Information given
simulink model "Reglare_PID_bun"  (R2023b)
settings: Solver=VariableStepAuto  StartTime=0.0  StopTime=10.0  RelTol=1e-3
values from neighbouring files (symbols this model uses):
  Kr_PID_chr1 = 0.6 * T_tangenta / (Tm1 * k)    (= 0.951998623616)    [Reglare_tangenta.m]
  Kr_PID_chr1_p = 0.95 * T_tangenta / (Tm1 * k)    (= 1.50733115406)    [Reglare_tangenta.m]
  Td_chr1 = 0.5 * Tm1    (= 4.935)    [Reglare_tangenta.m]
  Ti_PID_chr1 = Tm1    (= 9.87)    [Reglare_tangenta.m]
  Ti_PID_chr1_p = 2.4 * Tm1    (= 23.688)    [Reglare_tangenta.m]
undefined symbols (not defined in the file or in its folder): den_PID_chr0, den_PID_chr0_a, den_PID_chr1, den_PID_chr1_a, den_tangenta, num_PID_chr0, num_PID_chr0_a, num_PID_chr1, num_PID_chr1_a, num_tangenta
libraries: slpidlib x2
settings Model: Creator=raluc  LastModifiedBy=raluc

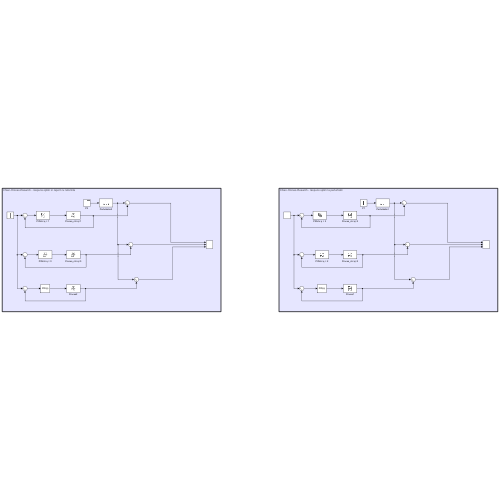
[thumbnail: Simulink's stored preview of the top-level diagram]
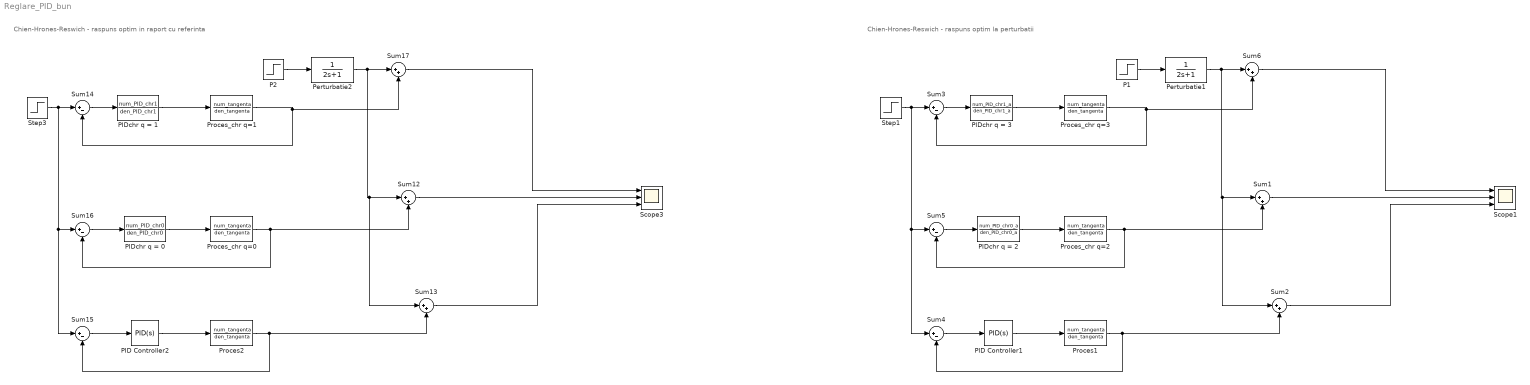
== system Reglare_PID_bun ==
  note: Chien-Hrones-Reswich - raspuns optim in raport cu referinta
  note: Chien-Hrones-Reswich - raspuns optim la perturbatii
  P1 : Step  SampleTime=0
  P2 : Step  SampleTime=0
  PID Controller1 : slpidlib/PID Controller  Controller=PID  Form=Parallel  TimeDomain=Continuous-time  UseExternalTs=off  SampleTime=-1  IntegratorMethod=Forward Euler  FilterMethod=Forward Euler  ControllerParametersSource=internal  P=Kr_PID_chr1_p  I=1/Ti_PID_chr1_p  UseKiTs=off  D=Td_chr1  N=100  UseFilter=on  TunerSelectOption=Transfer Function Based (PID Tuner App)  InitialConditionSource=internal  InitialConditionForIntegrator=0  InitialConditionForFilter=0  DifferentiatorICPrevScaledInput=0  ExternalReset=none  TrackingMode=off  Kt=1  LimitOutput=off  SatLimitsSource=internal  UpperSaturationLimit=inf  LowerSaturationLimit=-inf  LinearizeAsGain=on  AntiWindupMode=none  Kb=1  LimitIntegrator=off  UpperIntegratorSaturationLimit=inf  LowerIntegratorSaturationLimit=-inf  POutMin=[]  POutMax=[]  IOutMin=[]  IOutMax=[]  DOutMin=[]  DOutMax=[]  NOutMin=[]  NOutMax=[]  SumOutMin=[]  SumOutMax=[]  SaturationOutMin=[]  SaturationOutMax=[]  PParamMin=[]  PParamMax=[]  IParamMin=[]  IParamMax=[]  DParamMin=[]  DParamMax=[]  NParamMin=[]  NParamMax=[]  KbParamMin=[]  KbParamMax=[]  KtParamMin=[]  KtParamMax=[]  KbOutMin=[]  KbOutMax=[]  KtOutMin=[]  KtOutMax=[]  IntegratorOutMin=[]  IntegratorOutMax=[]  FilterOutMin=[]  FilterOutMax=[]  SumI1OutMin=[]  SumI1OutMax=[]  SumI2OutMin=[]  SumI2OutMax=[]  SumI3OutMin=[]  SumI3OutMax=[]  SumI4OutMin=[]  SumI4OutMax=[]  SumDOutMin=[]  SumDOutMax=[]  DifferentiatorOutMin=[]  DifferentiatorOutMax=[]  FilterDiffOutCoefMin=[]  FilterDiffOutCoefMax=[]  ReciprocalOutMin=[]  ReciprocalOutMax=[]  SumDenOutMin=[]  SumDenOutMax=[]  SumNumOutMin=[]  SumNumOutMax=[]  DivideOutMin=[]  DivideOutMax=[]  UdiffTsProdOutMin=[]  UdiffTsProdOutMax=[]  NTsProdOutMin=[]  NTsProdOutMax=[]  UintegralTsProdOutMin=[]  UintegralTsProdOutMax=[]  UngainTsProdOutMin=[]  UngainTsProdOutMax=[]  ClampingZeroOutDataTypeStr=Inherit: Inherit via back propagation  ClampingZeroOutMin=[]  ClampingZeroOutMax=[]  FilterDenConstantOutDataTypeStr=Inherit: Inherit via back propagation  FilterDenConstantOutMin=[]  FilterDenConstantOutMax=[]  PCopyOutDataTypeStr=Inherit: Inherit via back propagation  PCopyOutMin=[]  PCopyOutMax=[]  NCopyOutDataTypeStr=Inherit: Inherit via back propagation  NCopyOutMin=[]  NCopyOutMax=[]  IntegratorContinuousStateAttributes=''  IntegratorStateMustResolveToSignalObject=off  IntegratorRTWStateStorageClass=Auto  FilterContinuousStateAttributes=''  FilterStateMustResolveToSignalObject=off  FilterRTWStateStorageClass=Auto  ParallelPVariant=InternalParameters  IdealPVariant=Disabled  IVariant=InternalParameters  DVariant=InternalParameters  IntegratorVariant=Continuous  SatVariant=Disabled  AWVariant=Passthrough  PCopyVariant=Disabled  TRVariant=Disabled  FdbkBlocksVariant=Forward  IdealPFdbkVariant=Disabled  SatFdbkVariant=Disabled  DerivativeFilterVariant=ContFilter  NVariant=InternalParameters  NCopyVariant=Disabled  FilterICVariant=InternalICsFilter  IntegratorICVariant=InternalICs  ExternalResetVariant=Disabled  TRSumVariant=Passthrough  SumFdbkVariant=Disabled  SumVariant=Sum_PID  TsampFilterVariant=InternalTs  TsampNgainVariant=Passthrough  TsampIntegralVariant=Disabled_SignalSpec  ExternalSaturationOutDataTypeStr=Inherit: Same as second input
  PID Controller2 : slpidlib/PID Controller  Controller=PID  Form=Parallel  TimeDomain=Continuous-time  UseExternalTs=off  SampleTime=-1  IntegratorMethod=Forward Euler  FilterMethod=Forward Euler  ControllerParametersSource=internal  P=Kr_PID_chr1  I=1/Ti_PID_chr1  UseKiTs=off  D=Td_chr1  N=100  UseFilter=on  TunerSelectOption=Transfer Function Based (PID Tuner App)  InitialConditionSource=internal  InitialConditionForIntegrator=0  InitialConditionForFilter=0  DifferentiatorICPrevScaledInput=0  ExternalReset=none  TrackingMode=off  Kt=1  LimitOutput=off  SatLimitsSource=internal  UpperSaturationLimit=inf  LowerSaturationLimit=-inf  LinearizeAsGain=on  AntiWindupMode=none  Kb=1  LimitIntegrator=off  UpperIntegratorSaturationLimit=inf  LowerIntegratorSaturationLimit=-inf  POutMin=[]  POutMax=[]  IOutMin=[]  IOutMax=[]  DOutMin=[]  DOutMax=[]  NOutMin=[]  NOutMax=[]  SumOutMin=[]  SumOutMax=[]  SaturationOutMin=[]  SaturationOutMax=[]  PParamMin=[]  PParamMax=[]  IParamMin=[]  IParamMax=[]  DParamMin=[]  DParamMax=[]  NParamMin=[]  NParamMax=[]  KbParamMin=[]  KbParamMax=[]  KtParamMin=[]  KtParamMax=[]  KbOutMin=[]  KbOutMax=[]  KtOutMin=[]  KtOutMax=[]  IntegratorOutMin=[]  IntegratorOutMax=[]  FilterOutMin=[]  FilterOutMax=[]  SumI1OutMin=[]  SumI1OutMax=[]  SumI2OutMin=[]  SumI2OutMax=[]  SumI3OutMin=[]  SumI3OutMax=[]  SumI4OutMin=[]  SumI4OutMax=[]  SumDOutMin=[]  SumDOutMax=[]  DifferentiatorOutMin=[]  DifferentiatorOutMax=[]  FilterDiffOutCoefMin=[]  FilterDiffOutCoefMax=[]  ReciprocalOutMin=[]  ReciprocalOutMax=[]  SumDenOutMin=[]  SumDenOutMax=[]  SumNumOutMin=[]  SumNumOutMax=[]  DivideOutMin=[]  DivideOutMax=[]  UdiffTsProdOutMin=[]  UdiffTsProdOutMax=[]  NTsProdOutMin=[]  NTsProdOutMax=[]  UintegralTsProdOutMin=[]  UintegralTsProdOutMax=[]  UngainTsProdOutMin=[]  UngainTsProdOutMax=[]  ClampingZeroOutDataTypeStr=Inherit: Inherit via back propagation  ClampingZeroOutMin=[]  ClampingZeroOutMax=[]  FilterDenConstantOutDataTypeStr=Inherit: Inherit via back propagation  FilterDenConstantOutMin=[]  FilterDenConstantOutMax=[]  PCopyOutDataTypeStr=Inherit: Inherit via back propagation  PCopyOutMin=[]  PCopyOutMax=[]  NCopyOutDataTypeStr=Inherit: Inherit via back propagation  NCopyOutMin=[]  NCopyOutMax=[]  IntegratorContinuousStateAttributes=''  IntegratorStateMustResolveToSignalObject=off  IntegratorRTWStateStorageClass=Auto  FilterContinuousStateAttributes=''  FilterStateMustResolveToSignalObject=off  FilterRTWStateStorageClass=Auto  ParallelPVariant=InternalParameters  IdealPVariant=Disabled  IVariant=InternalParameters  DVariant=InternalParameters  IntegratorVariant=Continuous  SatVariant=Disabled  AWVariant=Passthrough  PCopyVariant=Disabled  TRVariant=Disabled  FdbkBlocksVariant=Forward  IdealPFdbkVariant=Disabled  SatFdbkVariant=Disabled  DerivativeFilterVariant=ContFilter  NVariant=InternalParameters  NCopyVariant=Disabled  FilterICVariant=InternalICsFilter  IntegratorICVariant=InternalICs  ExternalResetVariant=Disabled  TRSumVariant=Passthrough  SumFdbkVariant=Disabled  SumVariant=Sum_PID  TsampFilterVariant=InternalTs  TsampNgainVariant=Passthrough  TsampIntegralVariant=Disabled_SignalSpec  ExternalSaturationOutDataTypeStr=Inherit: Same as second input
  PIDchr q = 0 : TransferFcn  Numerator=num_PID_chr0  Denominator=den_PID_chr0
  PIDchr q = 1 : TransferFcn  Numerator=num_PID_chr1  Denominator=den_PID_chr1
  PIDchr q = 2 : TransferFcn  Numerator=num_PID_chr0_a  Denominator=den_PID_chr0_a
  PIDchr q = 3 : TransferFcn  Numerator=num_PID_chr1_a  Denominator=den_PID_chr1_a
  Perturbatie1 : TransferFcn  Denominator=[2 1]
  Perturbatie2 : TransferFcn  Denominator=[2 1]
  Proces1 : TransferFcn  Numerator=num_tangenta  Denominator=den_tangenta
  Proces2 : TransferFcn  Numerator=num_tangenta  Denominator=den_tangenta
  Proces_chr q={0..3} (4 alike) : TransferFcn  Numerator=num_tangenta  Denominator=den_tangenta
  Scope1 : Scope  NumInputPorts=3
  Scope3 : Scope  NumInputPorts=3
  Step1 : Step  After=10  SampleTime=0
  Step3 : Step  After=10  SampleTime=0
  Sum{1..2,6,12..13,17} (6 alike) : Sum  Inputs=|++
  Sum{3..5,14..16} (6 alike) : Sum  Inputs=|+-
  wires:
  PIDchr q = 0/1 -> Proces_chr q=0/1
  PID Controller2/1 -> Proces2/1
  Sum14/1 -> PIDchr q = 1/1
  Proces_chr q=0/1 -> Sum12/2, Sum16/2
  PIDchr q = 1/1 -> Proces_chr q=1/1
  Sum16/1 -> PIDchr q = 0/1
  Proces2/1 -> Sum13/2, Sum15/2
  Sum15/1 -> PID Controller2/1
  Step3/1 -> Sum15/1, Sum16/1, Sum14/1
  Perturbatie2/1 -> Sum13/1, Sum12/1, Sum17/1
  Proces_chr q=1/1 -> Sum17/2, Sum14/2
  P2/1 -> Perturbatie2/1
  Sum12/1 -> Scope3/2
  Sum13/1 -> Scope3/3
  Sum17/1 -> Scope3/1
  Sum2/1 -> Scope1/3
  Perturbatie1/1 -> Sum2/1, Sum1/1, Sum6/1
  P1/1 -> Perturbatie1/1
  Proces_chr q=3/1 -> Sum6/2, Sum3/2
  Sum1/1 -> Scope1/2
  Proces1/1 -> Sum2/2, Sum4/2
  Sum5/1 -> PIDchr q = 2/1
  Step1/1 -> Sum4/1, Sum5/1, Sum3/1
  Sum4/1 -> PID Controller1/1
  Sum3/1 -> PIDchr q = 3/1
  PIDchr q = 2/1 -> Proces_chr q=2/1
  PIDchr q = 3/1 -> Proces_chr q=3/1
  Sum6/1 -> Scope1/1
  Proces_chr q=2/1 -> Sum1/2, Sum5/2
  PID Controller1/1 -> Proces1/1

Problem details
What are the lines above that hold the string "note"? Copy them.

Answer for this exercise
  note: Chien-Hrones-Reswich - raspuns optim in raport cu referinta
  note: Chien-Hrones-Reswich - raspuns optim la perturbatii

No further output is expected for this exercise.